# Clipping guinea's wings?



## simka2 (Sep 27, 2011)

Do you think it would help keep them around? :shrug: I have had one group completely disappear. I have another group that we have raised from keets. I have let one or two out at a time and they come back either in the evening or early morning. I just have this feeling if I let them all out they will be gone. But, they are outgrowing their area and I need them to free range. Thoughts?


----------



## mekasmom (Jan 19, 2010)

Haven't you ever heard the saying that you buy guineas for your neighbors? They really like to fly away.
You can clip the wings if you want to. It would keep them on the ground. You do it just like you clip any bird's wings. Extend the wing and clip close to the wing except the last couple of thick feathers.


----------



## Cliff (Jun 30, 2007)

If you raised them from keets they will stay around.


----------



## BackfourtyMI. (Sep 3, 2007)

We bought our first one's as adults & then last year I hatched out some of their eggs. All of ours are all still here & they free range. I kept the adults in a pen with a top for almost 2 weeks before turning them loose. I throw a couple handfuls of scratch grain out once a day so they know they eat here.
Did the same with the keets I hatched out & they have been here a year now.
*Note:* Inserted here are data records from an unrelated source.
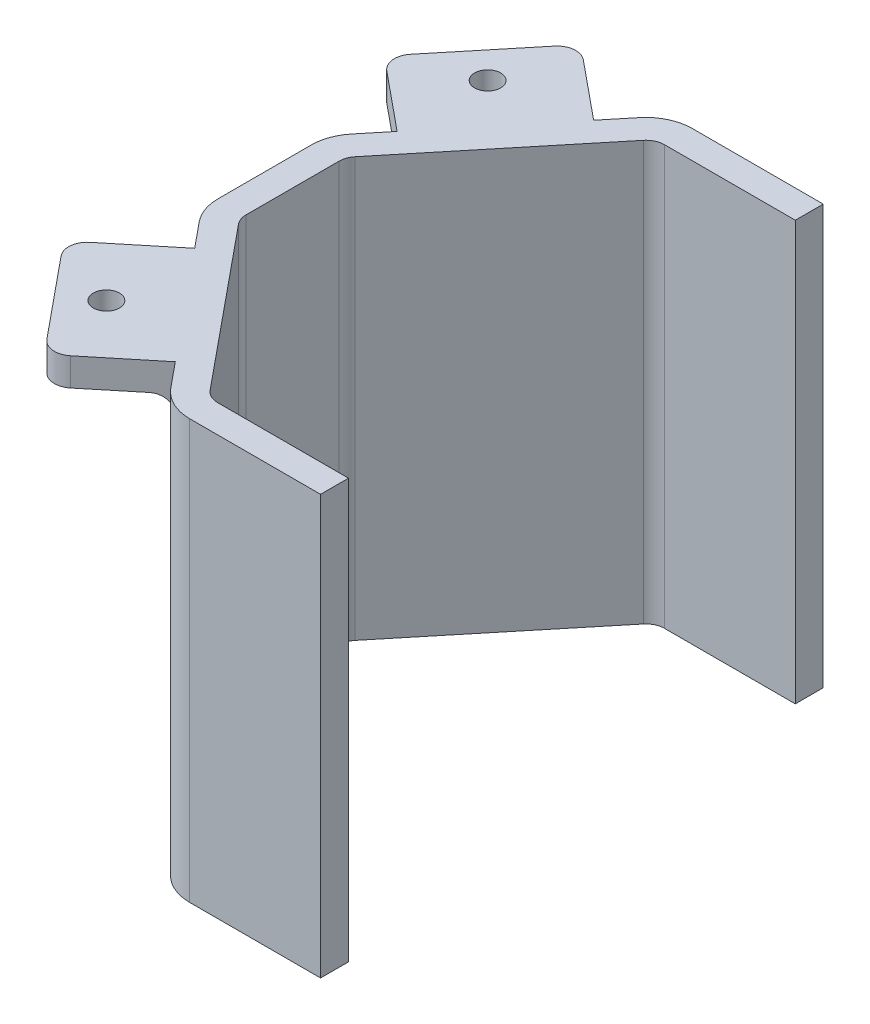
SolidWorks part; units mm, degrees
ref_plane "Front Plane" through (0, 0, 0) normal (0, 0, 1) x (1, 0, 0)
ref_plane "Top Plane" through (0, 0, 0) normal (0, 1, 0) x (1, 0, 0)
ref_plane "Right Plane" through (0, 0, 0) normal (1, 0, 0) x (0, 0, -1)
sketch "Sketch2" plane through (0, 0, 0) normal (0, 1, 0) x (1, 0, 0)
  line L0 (-6, 30) -> (6, 30)
  line L1 (6, 30) -> (6, 24)
  line L2 (6, 24) -> (2, 24)
  line L3 (2, 24) -> (2, -24)
  line L4 (2, -24) -> (6, -24)
  line L5 (6, -24) -> (6, -30)
  line L6 (6, -30) -> (-6, -30)
  line L7 (-6, -30) -> (-6, -24)
  line L8 (-6, -24) -> (-2, -24)
  line L9 (-2, -24) -> (-2, 24)
  line L10 (-2, 24) -> (-6, 24)
  line L11 (-6, 24) -> (-6, 30)
  dimension "D2" = 60
  dimension "D3" = 6
  dimension "D4" = 4
sketch "Sketch3" plane through (0, 0, 0) normal (0, 1, 0) x (1, 0, 0)
  line L0 (-8, 24) -> (-22.0538, 24)
  line L1 (-23.6001, 23.2685) -> (-37.5463, 6.2685)
  line L2 (-38, 5) -> (-38, -5)
  line L3 (-37.5463, -6.2685) -> (-23.6001, -23.2685)
  line L4 (-22.0538, -24) -> (-8, -24)
  line L5 (-8, 24) -> (-8, -24) construction
  line L7 (-2, 24) -> (-6, 24) construction
  line L8 (-8, 24) -> (-23, 24) construction
  line L9 (-8, 27) -> (-22.0538, 27)
  line L10 (-25.9195, 25.1712) -> (-39.8657, 8.1712)
  line L11 (-41, 5) -> (-41, -5)
  line L12 (-39.8657, -8.1712) -> (-25.9195, -25.1712)
  line L13 (-22.0538, -27) -> (-8, -27)
  line L14 (-8, 27) -> (-8, 24)
  line L15 (-8, -27) -> (-8, -24)
  line L16 (-23, 24) -> (-38, 5.7154) construction
  line L17 (-23, -24) -> (-8, -24) construction
  line L18 (-38, -5.7154) -> (-23, -24) construction
  line L19 (-24.4192, -27) -> (-8, -27) construction
  line L20 (-41, -6.7885) -> (-24.4192, -27) construction
  line L21 (-8, 27) -> (-24.4192, 27) construction
  line L22 (-24.4192, 27) -> (-41, 6.7885) construction
  line L23 (-38, 5.7154) -> (-38, -5.7154) construction
  line L24 (-41, 6.7885) -> (-41, -6.7885) construction
  arc A0 (-22.0538, 24) -> (-23.6001, 23.2685) centre (-22.0538, 22) ccw
  arc A1 (-22.0538, -24) -> (-23.6001, -23.2685) centre (-22.0538, -22) cw
  arc A2 (-22.0538, -27) -> (-25.9195, -25.1712) centre (-22.0538, -22) cw
  arc A3 (-22.0538, 27) -> (-25.9195, 25.1712) centre (-22.0538, 22) ccw
  arc A4 (-37.5463, 6.2685) -> (-38, 5) centre (-36, 5) ccw
  arc A5 (-37.5463, -6.2685) -> (-38, -5) centre (-36, -5) cw
  arc A6 (-41, 5) -> (-39.8657, 8.1712) centre (-36, 5) cw
  arc A7 (-39.8657, -8.1712) -> (-41, -5) centre (-36, -5) cw
  point P2 (-8, 0)
  point P7 (-38, 0)
  point P21 (-23, 24)
  point P25 (-23, -24)
  dimension "D6" = 2
  dimension "D7" = 2
  dimension "D8" = 5
  dimension "D9" = 5
  dimension "D10" = 2
  dimension "D4" = 2
  dimension "D12" = 5
  dimension "D13" = 5
  dimension "D1" = 2
  dimension "D2" = 15
  dimension "D3" = 30
  dimension "D11" = 10
  dimension "D5" = 3
extrude "Boss-Extrude1" add sketch "Sketch3" along normal blind 45
sketch "Sketch4" plane through (0, 45, 0) normal (0, -1, 0) x (1, 0, 0)
  line L0 (-28.1357, 22.4697) -> (-35.867, 28.8122)
  line L1 (-39.8657, 8.1712) -> (-25.9195, 25.1712) construction
  line L2 (-35.867, 28.8122) -> (-45.3807, 17.2152)
  line L3 (-45.3807, 17.2152) -> (-37.6494, 10.8728)
  line L4 (-28.1357, 22.4697) -> (-37.6494, 10.8728)
  line L5 (-37.6494, -10.8728) -> (-45.3807, -17.2152)
  line L6 (-25.9195, -25.1712) -> (-39.8657, -8.1712) construction
  line L7 (-45.3807, -17.2152) -> (-35.867, -28.8122)
  line L8 (-35.867, -28.8122) -> (-28.1357, -22.4697)
  line L9 (-28.1357, -22.4697) -> (-37.6494, -10.8728)
  point P7 (-32.8926, -16.6712)
  point P8 (-32.8926, -16.6712)
  point P21 (-32.8926, 16.6712)
  point P22 (-32.8926, 16.6712)
  dimension "D1" = 10
  dimension "D2" = 10
  dimension "D3" = 15
  dimension "D4" = 15
extrude "Boss-Extrude2" add sketch "Sketch4" along normal blind 3
fillet "Fillet1" radius 2 6 edges at (-32.8926, 42, -16.6712) (-35.867, 43.5, -28.8122) (-45.3807, 43.5, -17.2152) (-32.8926, 42, 16.6712) (-35.867, 43.5, 28.8122) (-45.3807, 43.5, 17.2152)
sketch "Sketch5" plane through (0, 42, 0) normal (0, -1, 0) x (1, 0, 0)
  line L0 (-43.8345, 15.9467) -> (-39.1957, 12.1413) construction
  line L1 (-37.1355, 27.2659) -> (-44.1122, 18.7615) construction
  circle A0 centre (-37.5314, 20.4767) radius 1.4
  dimension "D3" = 2.8
  dimension "D1" = 4
  dimension "D2" = 7.5
extrude "Cut-Extrude1" cut sketch "Sketch5" against normal through all
mirror "Mirror1" about plane through (0, 0, 0) normal (0, 0, 1) of "Cut-Extrude1"

Do you thrown them out seeds to eat each day? Mine will come when we call them just for the feed.


----------



## simka2 (Sep 27, 2011)

I did it all! Kept them together in the coop for 2 weeks. Then the next week I only released one or two at a time. Always fed at the same time, same place. Once I let all of them out together it took all of 3 days for them to fly away! Those were a group I got as adults.

So, this group is younger, but I want to make it as difficult as possible for them to run away.


----------



## PD-Riverman (May 24, 2007)

I would Never buy adult Guinea's unless I was planning to keep them closed up and collect their eggs to hatch out. Then re-sale the adults.


----------



## KSALguy (Feb 14, 2006)

adult guineas will not stay around 99.99999% of the time if you buy them from someone else and move them to a new home, they will just walk away, clipping their wings will not help, if you raise them from keets then you wont have that problem, they know where home is and stay, yes they will wander far and wide but will stay home,


----------